§ TASK REQUIREMENTS: Determine how many lines of the entries include the word "sqrt", and report that number with no further text.
--*--
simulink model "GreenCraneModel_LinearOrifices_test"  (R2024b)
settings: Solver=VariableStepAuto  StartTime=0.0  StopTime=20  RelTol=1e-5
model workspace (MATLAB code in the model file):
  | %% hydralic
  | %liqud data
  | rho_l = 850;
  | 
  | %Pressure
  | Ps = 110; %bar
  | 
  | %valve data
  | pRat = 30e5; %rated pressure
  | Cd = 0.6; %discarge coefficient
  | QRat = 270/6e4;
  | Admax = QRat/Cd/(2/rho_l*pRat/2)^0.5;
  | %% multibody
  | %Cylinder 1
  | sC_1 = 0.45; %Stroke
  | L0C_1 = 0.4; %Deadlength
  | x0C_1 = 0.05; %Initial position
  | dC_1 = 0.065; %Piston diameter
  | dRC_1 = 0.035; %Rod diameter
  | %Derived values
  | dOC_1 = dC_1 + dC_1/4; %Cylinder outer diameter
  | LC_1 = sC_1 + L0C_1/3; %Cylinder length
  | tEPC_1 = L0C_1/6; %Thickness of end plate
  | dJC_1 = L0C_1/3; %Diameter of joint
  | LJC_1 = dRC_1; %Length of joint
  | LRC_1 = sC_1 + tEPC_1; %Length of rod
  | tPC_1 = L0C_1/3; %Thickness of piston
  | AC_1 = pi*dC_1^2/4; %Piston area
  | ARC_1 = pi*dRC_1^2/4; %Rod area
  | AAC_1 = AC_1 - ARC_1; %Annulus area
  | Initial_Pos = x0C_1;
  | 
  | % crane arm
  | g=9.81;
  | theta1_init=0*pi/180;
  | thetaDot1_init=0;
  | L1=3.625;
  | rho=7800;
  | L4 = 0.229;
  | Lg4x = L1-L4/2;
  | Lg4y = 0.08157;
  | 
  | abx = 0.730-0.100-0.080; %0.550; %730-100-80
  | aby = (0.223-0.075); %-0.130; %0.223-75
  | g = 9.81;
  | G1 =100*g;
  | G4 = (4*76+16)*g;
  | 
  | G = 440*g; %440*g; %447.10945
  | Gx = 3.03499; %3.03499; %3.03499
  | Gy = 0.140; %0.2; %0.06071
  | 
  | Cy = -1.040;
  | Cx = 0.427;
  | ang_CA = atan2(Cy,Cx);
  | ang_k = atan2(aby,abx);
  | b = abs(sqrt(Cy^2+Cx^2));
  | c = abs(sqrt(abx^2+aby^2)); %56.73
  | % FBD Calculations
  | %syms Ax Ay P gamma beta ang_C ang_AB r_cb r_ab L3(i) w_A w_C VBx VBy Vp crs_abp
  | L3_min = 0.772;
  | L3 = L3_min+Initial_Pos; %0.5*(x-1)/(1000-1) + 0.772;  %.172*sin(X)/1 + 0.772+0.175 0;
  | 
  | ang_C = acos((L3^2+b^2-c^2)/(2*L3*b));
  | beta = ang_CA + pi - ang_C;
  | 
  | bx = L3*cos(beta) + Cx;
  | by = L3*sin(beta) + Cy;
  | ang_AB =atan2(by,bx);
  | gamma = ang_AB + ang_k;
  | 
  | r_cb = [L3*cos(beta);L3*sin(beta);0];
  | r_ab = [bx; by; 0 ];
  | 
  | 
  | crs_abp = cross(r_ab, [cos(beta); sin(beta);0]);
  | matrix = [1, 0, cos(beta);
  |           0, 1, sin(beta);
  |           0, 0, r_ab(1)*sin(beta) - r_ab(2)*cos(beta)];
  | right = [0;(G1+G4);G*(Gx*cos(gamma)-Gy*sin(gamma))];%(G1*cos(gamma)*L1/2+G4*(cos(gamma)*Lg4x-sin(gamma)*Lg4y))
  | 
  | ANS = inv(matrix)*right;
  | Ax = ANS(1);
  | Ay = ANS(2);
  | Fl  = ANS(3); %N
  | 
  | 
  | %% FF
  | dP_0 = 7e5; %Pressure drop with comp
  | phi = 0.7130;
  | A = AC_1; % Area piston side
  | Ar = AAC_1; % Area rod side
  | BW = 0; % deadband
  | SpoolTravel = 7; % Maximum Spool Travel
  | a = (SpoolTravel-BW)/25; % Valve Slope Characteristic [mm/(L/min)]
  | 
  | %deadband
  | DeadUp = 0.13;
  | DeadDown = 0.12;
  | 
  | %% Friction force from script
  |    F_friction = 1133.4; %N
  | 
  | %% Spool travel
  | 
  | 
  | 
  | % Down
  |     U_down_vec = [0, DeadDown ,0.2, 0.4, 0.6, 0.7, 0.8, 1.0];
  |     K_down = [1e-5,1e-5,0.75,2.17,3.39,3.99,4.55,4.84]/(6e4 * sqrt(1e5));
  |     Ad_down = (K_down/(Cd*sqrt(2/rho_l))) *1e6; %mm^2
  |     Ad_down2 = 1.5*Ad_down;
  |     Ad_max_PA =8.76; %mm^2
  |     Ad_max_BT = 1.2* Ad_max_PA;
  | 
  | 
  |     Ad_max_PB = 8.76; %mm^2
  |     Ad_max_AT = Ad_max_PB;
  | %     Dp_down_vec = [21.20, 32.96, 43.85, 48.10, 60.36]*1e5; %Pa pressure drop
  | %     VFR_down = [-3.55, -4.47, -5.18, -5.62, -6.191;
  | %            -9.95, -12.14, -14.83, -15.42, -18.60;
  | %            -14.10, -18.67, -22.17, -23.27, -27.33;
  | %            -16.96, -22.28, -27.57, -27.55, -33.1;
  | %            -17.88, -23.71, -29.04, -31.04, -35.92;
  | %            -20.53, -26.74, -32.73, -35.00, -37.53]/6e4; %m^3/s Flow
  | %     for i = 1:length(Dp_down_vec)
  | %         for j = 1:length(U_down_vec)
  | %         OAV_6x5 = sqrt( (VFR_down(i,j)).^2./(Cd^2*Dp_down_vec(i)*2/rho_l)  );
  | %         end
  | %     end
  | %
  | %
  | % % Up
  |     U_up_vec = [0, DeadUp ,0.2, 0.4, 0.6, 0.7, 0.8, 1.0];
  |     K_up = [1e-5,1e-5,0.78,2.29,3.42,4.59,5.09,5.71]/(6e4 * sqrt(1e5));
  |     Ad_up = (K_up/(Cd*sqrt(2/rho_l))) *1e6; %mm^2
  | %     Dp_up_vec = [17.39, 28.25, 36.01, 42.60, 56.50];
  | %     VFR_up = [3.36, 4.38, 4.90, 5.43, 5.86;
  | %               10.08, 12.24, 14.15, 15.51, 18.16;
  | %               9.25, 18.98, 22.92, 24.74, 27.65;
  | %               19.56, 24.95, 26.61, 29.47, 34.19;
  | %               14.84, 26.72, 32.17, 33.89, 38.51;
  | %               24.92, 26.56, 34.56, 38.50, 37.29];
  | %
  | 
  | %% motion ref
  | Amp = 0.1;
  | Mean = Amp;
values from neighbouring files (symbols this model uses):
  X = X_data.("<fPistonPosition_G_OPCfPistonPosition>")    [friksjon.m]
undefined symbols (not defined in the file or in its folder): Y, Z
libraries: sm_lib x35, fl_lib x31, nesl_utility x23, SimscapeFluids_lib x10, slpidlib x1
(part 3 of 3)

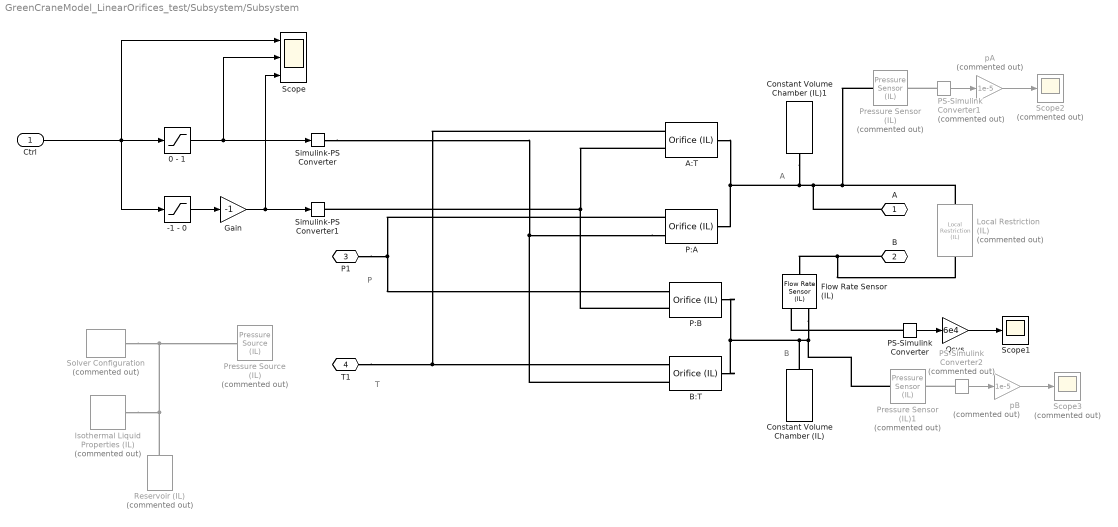
== system GreenCraneModel_LinearOrifices_test/Subsystem/Subsystem ==
  note: T
  note: B
  note: A
  note: P
  Ctrl : Inport
  -1 - 0 : Saturate  UpperLimit=0  LowerLimit=-1
  0 - 1 : Saturate  UpperLimit=1  LowerLimit=0
  A:T : SimscapeFluids_lib/Isothermal Liquid/Valves & Orifices/Orifices/Orifice (IL)  orifice_type=foundation.enum.constant_variable.variable  constant_orifice_spec=fluids.isothermal_liquid.valves_orifices.orifices.enum.constant_orifice_spec.area  variable_orifice_spec=fluids.isothermal_liquid.valves_orifices.orifices.enum.orifice_spec.linear  orifice_area_constant=1e-3 m^2  p_diff_TLU_constant=[-4, -3, -2, -1, -.5, 0, .5, 1, 2, 3, 4] MPa  vol_flow_TLU_constant=[-2.44, -2.12, -1.68, -1.22, -.84, 0, .85, 1.21, 1.7, 2.09, 2.41] .* 1e-3 m^3/s  S_min=0.12 m  del_S=0.88 m  open_orientation=fluids.isothermal_liquid.valves_orifices.orifices.enum.orifice_orientation.positive  area_max=1.8*Ad_max_AT mm^2  area_leak=0.1 mm^2  S_TLU=U_down_vec m  orifice_area_TLU=Ad_down mm^2  area=inf m^2  Cd=Cd  Re_c=150  smoothing_factor=0.01  pressure_recovery=false  S_vol_flow_TLU=[0, .002, .004, .007, .017] m  p_diff_TLU=[.3, .5, .7] MPa  vol_flow_TLU=1e-3 * [1.7e-05, 2e-05, 2.6e-05; .0035, .0045, .0053; .7, .9, 1.06; 1.96, 2.5, 3; 6, 7.7, 9.13] m^3/s
      settings: InternalSimscapePortConfiguration="{\"Bottom\":[],\"Left\":[{\"id\":\"A\",\"label\":\"A\",\"type\":\"foundation.isothermal_liquid.isothermal_liquid\"},{\"id\":\"S\",\"label\":\"S\",\"type\":\"input\"}],\"Right\":[{\"id\":\"B\",\"label\":\"B\",\"type\":\"foundation.isothermal_liquid.isothermal_liquid\"}],\"Top\":[]}"
  B:T : SimscapeFluids_lib/Isothermal Liquid/Valves & Orifices/Orifices/Orifice (IL)  orifice_type=foundation.enum.constant_variable.variable  constant_orifice_spec=fluids.isothermal_liquid.valves_orifices.orifices.enum.constant_orifice_spec.area  variable_orifice_spec=fluids.isothermal_liquid.valves_orifices.orifices.enum.orifice_spec.linear  orifice_area_constant=1e-3 m^2  p_diff_TLU_constant=[-4, -3, -2, -1, -.5, 0, .5, 1, 2, 3, 4] MPa  vol_flow_TLU_constant=[-2.44, -2.12, -1.68, -1.22, -.84, 0, .85, 1.21, 1.7, 2.09, 2.41] .* 1e-3 m^3/s  S_min=0.12 m  del_S=0.88 m  open_orientation=fluids.isothermal_liquid.valves_orifices.orifices.enum.orifice_orientation.positive  area_max=Ad_max_BT mm^2  area_leak=1e-10 m^2  S_TLU=U_down_vec m  orifice_area_TLU=Ad_down mm^2  area=inf m^2  Cd=Cd  Re_c=150  smoothing_factor=0.01  pressure_recovery=false  S_vol_flow_TLU=[0, .002, .004, .007, .017] m  p_diff_TLU=[.3, .5, .7] MPa  vol_flow_TLU=1e-3 * [1.7e-05, 2e-05, 2.6e-05; .0035, .0045, .0053; .7, .9, 1.06; 1.96, 2.5, 3; 6, 7.7, 9.13] m^3/s
      settings: InternalSimscapePortConfiguration="{\"Bottom\":[],\"Left\":[{\"id\":\"A\",\"label\":\"A\",\"type\":\"foundation.isothermal_liquid.isothermal_liquid\"},{\"id\":\"S\",\"label\":\"S\",\"type\":\"input\"}],\"Right\":[{\"id\":\"B\",\"label\":\"B\",\"type\":\"foundation.isothermal_liquid.isothermal_liquid\"}],\"Top\":[]}"
  Constant Volume Chamber (IL) : fl_lib/Isothermal Liquid/Elements/Constant Volume Chamber (IL)  volume=0.001 m^3  p_I_specify=off  p_I_priority=High  p_I=0.101325 MPa  p_I_nominal_specify=off  p_I_nominal_value=1  p_I_nominal_unit=MPa
      settings: InternalSimscapePortConfiguration="{\"Bottom\":[],\"Left\":[{\"id\":\"A\",\"label\":\"A\",\"type\":\"foundation.isothermal_liquid.isothermal_liquid\"}],\"Right\":[],\"Top\":[]}"
  Constant Volume Chamber (IL)1 : fl_lib/Isothermal Liquid/Elements/Constant Volume Chamber (IL)  volume=0.001 m^3  p_I_specify=off  p_I_priority=High  p_I=0.101325 MPa  p_I_nominal_specify=off  p_I_nominal_value=1  p_I_nominal_unit=MPa
      settings: InternalSimscapePortConfiguration="{\"Bottom\":[],\"Left\":[{\"id\":\"A\",\"label\":\"A\",\"type\":\"foundation.isothermal_liquid.isothermal_liquid\"}],\"Right\":[],\"Top\":[]}"
  Flow Rate Sensor (IL) : fl_lib/Isothermal Liquid/Sensors/Flow Rate Sensor (IL)  sensor_type=foundation.enum.mass_volumetric_sensor.volumetric
      settings: InternalSimscapePortConfiguration="{\"Bottom\":[],\"Left\":[{\"id\":\"A\",\"label\":\"A\",\"type\":\"foundation.isothermal_liquid.isothermal_liquid\"}],\"Right\":[{\"id\":\"B\",\"label\":\"B\",\"type\":\"foundation.isothermal_liquid.isothermal_liquid\"},{\"id\":\"V\",\"label\":\"V\",\"type\":\"output\"}],\"Top\":[]}"
  Gain : Gain  Gain=-1
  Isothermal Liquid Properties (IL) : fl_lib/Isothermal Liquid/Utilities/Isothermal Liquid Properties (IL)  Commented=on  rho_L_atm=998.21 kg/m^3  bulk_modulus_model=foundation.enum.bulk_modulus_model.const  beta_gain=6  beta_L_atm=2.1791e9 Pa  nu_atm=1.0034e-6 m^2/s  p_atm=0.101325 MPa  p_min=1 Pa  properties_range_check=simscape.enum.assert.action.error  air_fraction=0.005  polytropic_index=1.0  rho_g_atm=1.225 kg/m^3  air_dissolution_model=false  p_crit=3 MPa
--*--
§ REPLY TO THE EXERCISE: 7